Szkoleniowiec ten pracował poprzednio w Sokole Serock, z którym wywalczył awans do IV ligi. Na ławce trenerskiej zasiadał również w takich klubach jak Dolcan Ząbki, Wicher Kobyłka, Drukarz Warszawa, Mazur Karczew, Victoria Sulejówek, Bug Wyszków i PKS Radość.
Nowy trener Marcovii ma za sobą ciekawą karierę piłkarską, podczas której reprezentował barwy m.in. Dolcanu Ząbki, Stomilu Olsztyn, Okęcia Warszawa, Arki Gdynia, Legionovii Legionowo i Victorii Sulejówek.
Z Marcovią pożegnał się również pełniący dotychczas funkcję asystenta Patryk Żuber. Jego miejsce zajął Kamil Boratyński, który w przeszłości prowadził pierwszy zespół Wichru Kobyłka.
Serdecznie witamy obu trenerów w Markach i życzymy powodzenia w realizacji postawionych celów.
Poniżej kilka słów od naszego nowego szkoleniowca.
Łukasz Stasiuk:
Dziękuję serdecznie klubowi MKS Marcovia Marki za zaufanie i szansę pracy jako trener 4-ligowej drużyny seniorów.
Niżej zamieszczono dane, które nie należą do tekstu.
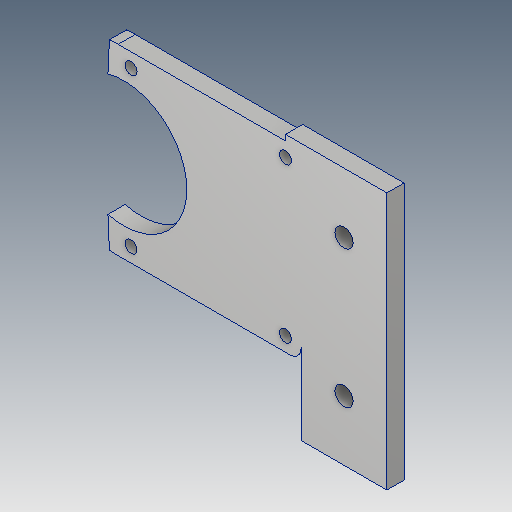
# Autodesk Inventor part: デュアルサーボつなぎフレーム_アルミ(A2017)_t1.5
Saved by Autodesk Inventor 2019.4 (Build 234330000, 330)
## iProperties
Created: 2019-06-16
Part Number: デュアルサーボつなぎフレーム_アルミ(A2017)_t1.5
Material: アルミニウム 6061
Document SubType Name: Modeling
Designer: 長谷川翔一
Density: 2.7 g/cm^3
Appearance: アルミニウム - フラット
Mass: 12.0813 g
Surface Area: 37.8901 cm^2
Volume: 4.47456 cm^3
Author: 長谷川翔一
Autodesk Inventor part; units mm, degrees
ref_plane "YZ Plane" through (0, 0, 0) normal (1, 0, 0) x (0, 1, 0)
ref_plane "XZ Plane" through (0, 0, 0) normal (0, 1, 0) x (-1, 0, 0)
ref_plane "XY Plane" through (0, 0, 0) normal (0, 0, 1) x (1, 0, 0)
sketch "スケッチ1" plane through (0, 0, 0) normal (0, 0, 1) x (1, 0, 0)
  circle A0 centre (-18.2979, -11.3675) radius 1.05 construction
  circle A1 centre (-0.7979, 13.5) radius 1.05 construction
  circle A2 centre (12.2021, -13.5) radius 1.05 construction
  circle A3 centre (-18.2979, 10.6325) radius 1.05 construction
  circle A4 centre (-10.7975, 0) radius 1.3 construction
  circle A5 centre (-9.5382, 13.5) radius 1.05 projected
  circle A6 centre (-9.5382, -13.5) radius 1.05 projected
  circle A7 centre (17.4618, 13.5) radius 1.05 projected
  circle A8 centre (17.4618, -13.5) radius 1.05 projected
  line L0 (-11.7979, -16) -> (18.2021, -16) projected
  arc A9 (18.2021, -16) -> (20.2021, -14) centre (18.2021, -14) ccw projected
  line L1 (20.2021, -14) -> (20.2021, 14) projected
  arc A10 (20.2021, 14) -> (18.2021, 16) centre (18.2021, 14) ccw projected
  line L2 (18.2021, 16) -> (-11.7979, 16) projected
  line L3 (-22.7979, 0) -> (0, 0) construction
  line L4 (0, 0) -> (13.5202, -23.4176) construction
  line L5 (-22.7979, 0) -> (-32.6431, 0) construction
  line L6 (9.2376, -16) -> (3.5384, -19.2904) construction
  line L7 (11.7376, -20.3301) -> (14.3357, -18.8301) construction
  line L8 (9.2376, 16) -> (3.5384, 19.2904) construction
  line L9 (11.7376, 20.3301) -> (14.3357, 18.8301) construction
  circle A11 centre (17.4618, -13.5) radius 2.5 construction
  circle A12 centre (17.4618, 13.5) radius 2.5 construction
  line L10 (3.6668, -16) -> (18.2021, -16)
  arc A13 (18.2021, -16) -> (20.2021, -14) centre (18.2021, -14) ccw
  line L11 (3.6668, 16) -> (18.2021, 16)
  arc A14 (20.2021, 14) -> (18.2021, 16) centre (18.2021, 14) ccw
  line L12 (-5.7966, 16) -> (-11.7979, 16)
  arc A15 (-11.7979, 16) -> (-13.3279, 15.9267) centre (-11.7979, 0) ccw
  line L13 (-5.7966, -16) -> (-11.7979, -16)
  arc A16 (-13.3279, -15.9267) -> (-11.7979, -16) centre (-11.7979, 0) ccw
  arc A17 (-13.5809, -10.642) -> (-13.5809, 10.642) centre (-10.7975, 0) ccw
  line L14 (-13.3279, -15.9267) -> (-13.5809, -10.642)
  line L15 (-13.5809, 10.642) -> (-13.3279, 15.9267)
  line L16 (20.2021, 0) -> (35.2021, 0) construction
  line L17 (20.2021, -22.5) -> (20.2021, -17.0694)
  line L18 (20.2021, -9.9306) -> (20.2021, 9.9306)
  line L19 (20.2021, 0) -> (35.2021, 0)
  line L20 (20.2021, -17.0694) -> (20.2021, -14)
  line L21 (17.4618, 17) -> (35.2021, 17)
  line L22 (20.2021, 14) -> (20.2021, -28)
  line L23 (20.2021, 17) -> (65.2021, 17) construction
  line L24 (20.2021, -28) -> (35.2021, -28)
  line L25 (35.2021, -28) -> (35.2021, 17)
  line L26 (27.7021, -28) -> (27.7021, 17) construction
  line L27 (27.7021, -5.5) -> (20.2021, -5.5) construction
  circle A18 centre (27.7021, -17.5) radius 1.6
  circle A19 centre (27.7021, 6.5) radius 1.6
  line L28 (17.4618, 13.5) -> (17.4618, 14.55)
  line L29 (17.4618, 16) -> (17.4618, 17)
  point P0 (-22.7979, -6.4363)
  point P1 (15.7302, -16)
  point P2 (13.5202, 23.4176)
  point P3 (15.7302, 16)
  dimension "d0" = 120
  dimension "d7" = 5
  dimension "d10" = 5
  dimension "d24" = 22
  dimension "d28" = 15
  dimension "d38" = 3.5
  dimension "d39" = 45
  dimension "d40" = 90
  dimension "d41" = 15
  dimension "d42" = 2.7403
  dimension "d43" = 3.2
  dimension "d44" = 12
  constraints: 54 end point, 13 point on line, 12 point on circle, 9 centre point, 8 symmetric about line, 6 tangent, 4 horizontal, 4 perpendicular, 4 vertical, 3 coincident, 3 midpoint, 2 collinear, 1 concentric, 1 vertical alignment, 2 other
  measures "d0" angle of L4 L3
  measures "d7" diameter of A11
  measures "d10" diameter of A12
  measures "d24" diameter of A17
  measures "d28" distance of L16.start L16.end
  measures "d38" distance of L28.start L21.start
  measures "d39" distance of L23.start L22.end
  measures "d40" angle of L22 L23
  measures "d41" distance of L22.end L24.end
  measures "d42" distance from line of point (17.462, 13.5) L22
  measures "d43" diameter of A18
  measures "d44" distance from line of L27 A18.centre
extrude "押し出し5" add sketch "スケッチ1" along normal blind 3

Przejmuję zespół w bardzo trudnym momencie z uwagi na aktualną sytuację w tabeli. Z tej strony chciałbym podziękować byłemu sztabowi szkoleniowemu, który włożył dużo pracy i zaangażowania w rozwój drużyny.
Jednocześnie chciałbym poprosić najlepszych, nie tylko w tej lidze, kibiców, aby dali nam szansę i czas na spokojną pracę. Jako nowy sztab, wraz z moim asystentem, zrobimy wszystko co w naszej mocy, aby odmienić mentalnie zawodników i sprzedać im swoją wiedzę. Klub jest poukładany wzorowo od strony organizacyjnej i nikt nie może narzekać, że czegoś brakuje. Wierzę, że nowe spojrzenie na zespół pomoże w jego dalszym rozwoju.
Nic się jeszcze nie skończyło, a wręcz przeciwnie dopiero zaczęło. Dlatego zapraszam wszystkich wiernych kibiców na wyjazdowy mecz z Ursusem Warszawa w sobotę 13 kwietnia na godzinę 15:00. Marcovia potrzebuje w tym momencie waszego wsparcia. Ten zespół ma duży potencjał, tylko trzeba go z niego wspólnie wydobyć. Jestem przekonany, że zjednoczeni będziemy walczyć do końca.”